I've tried also passing an ImageFieldFile instance (iff) and get the following error:
In [5]: im = get_thumbnail(iff, '400x400', quality=95)
identify.exe: Corrupt JPEG data: 1 extraneous bytes before marker 0xdb `c:\users\thin\appdata\local\temp\tmpxs7m5p' # warning/jpeg.c/JPEGWarningHandler/348.
identify.exe: Corrupt JPEG data: 1 extraneous bytes before marker 0xc4 `c:\users\thin\appdata\local\temp\tmpxs7m5p' # warning/jpeg.c/JPEGWarningHandler/348.
identify.exe: Corrupt JPEG data: 1 extraneous bytes before marker 0xda `c:\users\thin\appdata\local\temp\tmpxs7m5p' # warning/jpeg.c/JPEGWarningHandler/348.
Invalid Parameter - -auto-orient
Changing back sorl settings to use the default PIL backend and repeating the command for jpg to jpg conversion, the thumbnail image is generated without errors/warnings and available through the cache.
It seems that sorl is copying the source file to a temporary file before passing it to gm - and that the problem originates in this copy operation.
I've found what I believe to be the copy operation in the sources of sorl_thumbnail-11.12-py2.7.egg\sorl\thumbnail\engines\convert_engine.py lines 47-55:
class Engine(EngineBase):
...
def get_image(self, source):
"""
Returns the backend image objects from a ImageFile instance
"""
handle, tmp = mkstemp()
with open(tmp, 'w') as fp:
fp.write(source.read())
os.close(handle)
return {'source': tmp, 'options': SortedDict(), 'size': None}
Could the problem be here - I don't see it!

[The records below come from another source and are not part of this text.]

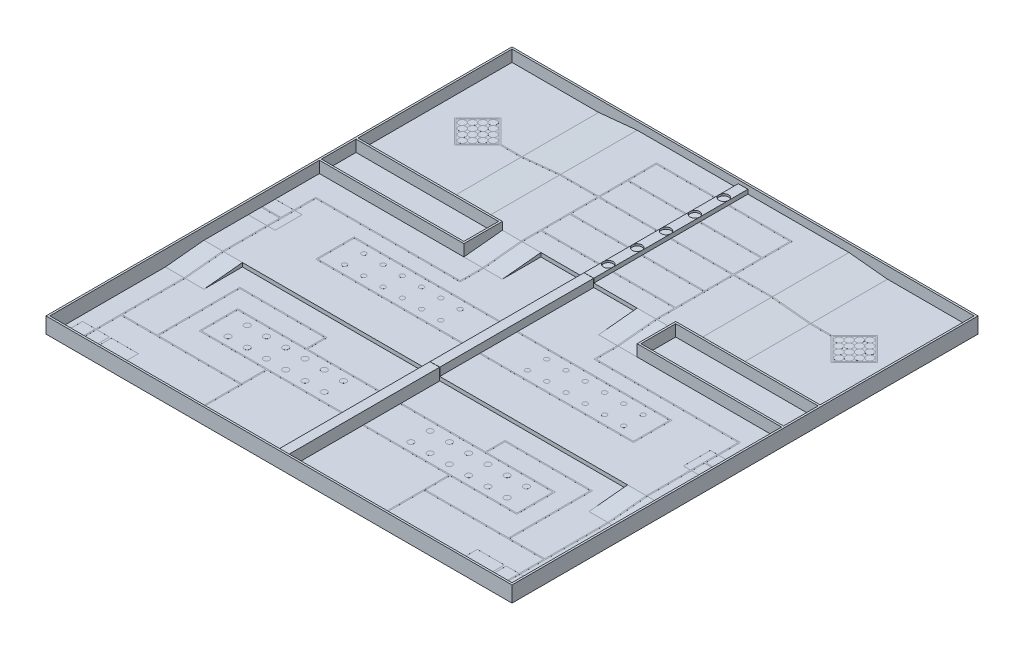
SolidWorks part; units mm, degrees
ref_plane "Front Plane" through (0, 0, 0) normal (0, 0, 1) x (1, 0, 0)
ref_plane "Top Plane" through (0, 0, 0) normal (0, 1, 0) x (1, 0, 0)
ref_plane "Right Plane" through (0, 0, 0) normal (1, 0, 0) x (0, 0, -1)
sketch "Sketch1" plane through (0, 0, 0) normal (0, 1, 0) x (1, 0, 0)
  line L1 (-6050, 6050) -> (6050, 6050)
  line L2 (-6050, 6050) -> (-6050, -6050)
  line L3 (-6050, -6050) -> (6050, -6050)
  line L4 (6050, 6050) -> (6050, -6050)
  line L5 (-6050, 6050) -> (6050, -6050) construction
  line L6 (-6050, -6050) -> (6050, 6050) construction
  point P0 (0, 0)
  dimension "D1" = 12100
  dimension "D2" = 12100
extrude "Boss-Extrude1" add sketch "Sketch1" along normal blind 10
sketch "Sketch2" plane through (0, 10, 0) normal (0, 1, 0) x (1, 0, 0)
  line L0 (0, 6332.5328) -> (0, -6669.5431) construction
  line L1 (-125, 6050) -> (-125, -6050)
  line L2 (125, 6050) -> (125, -6050)
  line L3 (-125, 6050) -> (125, 6050)
  line L4 (6050, 6050) -> (-6050, 6050) construction
  line L5 (-125, -6050) -> (125, -6050)
  line L6 (-125, 6332.5328) -> (-125, -6669.5431) construction
  line L7 (125, 6332.5328) -> (125, -6669.5431) construction
  line L8 (-6050, -6050) -> (6050, -6050) construction
  dimension "D1" = 125
  dimension "D2" = 125
extrude "Boss-Extrude2" add sketch "Sketch2" along normal blind 310
sketch "Sketch3" plane through (0, 10, 0) normal (0, 1, 0) x (1, 0, 0)
  line L0 (-6000, -6000) -> (-6000, 6000)
  line L1 (-6050, -6050) -> (6050, -6050)
  line L2 (-6050, -6050) -> (-6050, 6050)
  line L3 (-6050, 6050) -> (6050, 6050)
  line L4 (6050, -6050) -> (6050, 6050)
  line L5 (-6050, -6050) -> (6050, 6050) construction
  line L6 (-6050, 6050) -> (6050, -6050) construction
  line L7 (-6000, 6000) -> (6000, 6000)
  line L8 (6000, -6000) -> (6000, 6000)
  line L9 (-6000, -6000) -> (6000, -6000)
  point P0 (0, 0)
  dimension "D1" = 50
extrude "Boss-Extrude3" add sketch "Sketch3" along normal blind 400
sketch "Sketch4" plane through (0, 10, 0) normal (0, 1, 0) x (1, 0, 0)
  line L0 (-6863.0858, 0) -> (7124.8929, 0) construction
  line L1 (-6050, -2000) -> (6050, -2000)
  line L2 (-6050, 2000) -> (6050, 2000)
  line L3 (-6050, 2000) -> (-6050, 0)
  line L4 (-6050, 6050) -> (-6050, -6050) construction
  line L5 (-6050, 0) -> (-6050, -2000)
  line L6 (6050, 2000) -> (6050, -2000)
  line L7 (6050, -6050) -> (6050, 6050) construction
  line L9 (-6863.0858, 2000) -> (7124.8929, 2000) construction
  line L10 (-6863.0858, -2000) -> (7124.8929, -2000) construction
  dimension "D1" = 2000
  dimension "D2" = 2000
extrude "Boss-Extrude4" add sketch "Sketch4" along normal blind 100
sketch "Sketch5" plane through (0, 10, 0) normal (0, 1, 0) x (1, 0, 0)
  line L0 (-6000, 6000) -> (-6000, 2000)
  line L1 (-6000, 2000) -> (6000, 2000)
  line L2 (6000, 2000) -> (6000, 6000)
  line L3 (6000, 6000) -> (-6000, 6000)
extrude "Boss-Extrude5" add sketch "Sketch5" along normal blind 200
sketch "Sketch8" plane through (0, 110, 0) normal (0, 1, 0) x (1, 0, 0)
  line L0 (2250, 2000) -> (2250, 1000)
  line L1 (6000, 2000) -> (125, 2000) construction
  line L2 (2250, 1000) -> (6050, 1000)
  line L3 (6050, -6050) -> (6050, 6050) construction
  line L4 (6050, 1000) -> (6050, 2000)
  line L5 (6050, 2000) -> (2250, 2000)
  line L6 (6000, 1950) -> (2300, 1950)
  line L7 (2300, 1950) -> (2300, 1050)
  line L8 (2300, 1050) -> (6000, 1050)
  line L9 (6000, 1050) -> (6000, 1950)
  line L10 (0, 6607.4153) -> (0, -6987.4348) construction
  line L11 (-6050, 1000) -> (-6050, 2000)
  line L12 (-2250, 1000) -> (-6050, 1000)
  line L13 (-2250, 2000) -> (-2250, 1000)
  line L14 (-6050, 2000) -> (-2250, 2000)
  line L15 (-6000, 1050) -> (-6000, 1950)
  line L16 (-2300, 1050) -> (-6000, 1050)
  line L17 (-2300, 1950) -> (-2300, 1050)
  line L18 (-6000, 1950) -> (-2300, 1950)
  dimension "D1" = 1000
  dimension "D2" = 3800
  dimension "D3" = 50
extrude "Boss-Extrude9" add sketch "Sketch8" along normal blind 300
sketch "Sketch9" plane through (0, 210, 0) normal (0, 1, 0) x (1, 0, 0)
  line L0 (6000, 6000) -> (2750, 6000)
  line L1 (6000, 6000) -> (125, 6000) construction
  line L2 (2750, 6000) -> (2750, 2000)
  line L3 (2750, 2000) -> (6000, 2000)
  line L4 (6000, 2000) -> (6000, 6000) construction
  line L5 (6000, 2000) -> (6000, 6000)
  line L6 (0, 7222.203) -> (0, -7135.0065) construction
  line L7 (-2750, 2000) -> (-6000, 2000)
  line L8 (-2750, 6000) -> (-2750, 2000)
  line L9 (-6000, 6000) -> (-2750, 6000)
  line L10 (-6000, 2000) -> (-6000, 6000)
  dimension "D1" = 3250
  dimension "D2" = 4000
extrude "Cut-Extrude2" cut sketch "Sketch9" against normal blind 100
sketch "Sketch10" plane through (0, 0, -6000) normal (0, 0, 1) x (1, 0, 0)
  line L0 (2750, 210) -> (2750, 110)
  line L1 (2750, 110) -> (3750, 110)
  line L2 (6000, 110) -> (2750, 110) construction
  line L3 (3750, 110) -> (2750, 210)
  line L4 (0, 741.9991) -> (0, -415.2884) construction
  line L5 (-2750, 110) -> (-3750, 110)
  line L6 (-2750, 210) -> (-2750, 110)
  line L7 (-3750, 110) -> (-2750, 210)
  dimension "D1" = 1000
extrude "Boss-Extrude10" add sketch "Sketch10" along normal blind 4000
sketch "Sketch11" plane through (2250, 0, 0) normal (-1, 0, 0) x (0, 0, 1)
  line L0 (-2000, 210) -> (-2000, 110)
  line L1 (-2000, 110) -> (-1000, 110)
  line L2 (-1000, 110) -> (-2000, 210)
extrude "Boss-Extrude11" add sketch "Sketch11" along normal blind 1000
sketch "Sketch12" plane through (-2250, 0, 0) normal (1, 0, 0) x (0, 0, -1)
  line L1 (2000, 210) -> (2000, 110)
  line L2 (2000, 110) -> (1000, 110)
  line L3 (1000, 110) -> (2000, 210)
extrude "Boss-Extrude12" add sketch "Sketch12" along normal blind 1000
sketch "Sketch13" plane through (6000, 0, 0) normal (-1, 0, 0) x (0, 0, 1)
  line L0 (2000, 110) -> (2000, 10)
  line L1 (2000, 10) -> (3000, 10)
  line L2 (6000, 10) -> (2000, 10) construction
  line L3 (3000, 10) -> (2000, 110)
  dimension "D1" = 1000
extrude "Boss-Extrude13" add sketch "Sketch13" along normal blind 1000
sketch "Sketch14" plane through (-6000, 0, 0) normal (1, 0, 0) x (0, 0, -1)
  line L0 (-2000, 110) -> (-2000, 10)
  line L1 (-2000, 10) -> (-3000, 10)
  line L2 (-3000, 10) -> (-2000, 110)
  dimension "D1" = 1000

Any suggestions of how to overcome this problem would be greatly appreciated!
I'm using django 1.4, sorl-thumbnail 11.12 with memcached and ghostscript 9.07.
After some trial and error, I found that the problem could be solved by changing the write mode from 'w' to 'wb', so that the sources of sorl_thumbnail-11.12-py2.7.egg\sorl\thumbnail\engines\convert_engine.py lines 47-55 now read:
class Engine(EngineBase):
...
def get_image(self, source):
"""
Returns the backend image objects from a ImageFile instance
"""
handle, tmp = mkstemp()
with open(tmp, 'wb') as fp:
fp.write(source.read())
os.close(handle)
return {'source': tmp, 'options': SortedDict(), 'size': None}
There are I believe two other locations in the convert_engine.py file, where the same change should be made.
After that, the gm convert command was able to process the file.
However, since my pdf's are fairly large multipage pdf's I then ran into other problems, the most important being that the get_image method makes a full copy of the file before the thumbnail is generated. With filesizes around 50 Mb it therefore turns out to be a very slow process, and finally I've opted for bypassing sorl and calling gm directly. The thumbnail is then stored in a standard ImageField. Not so elegant, but much faster.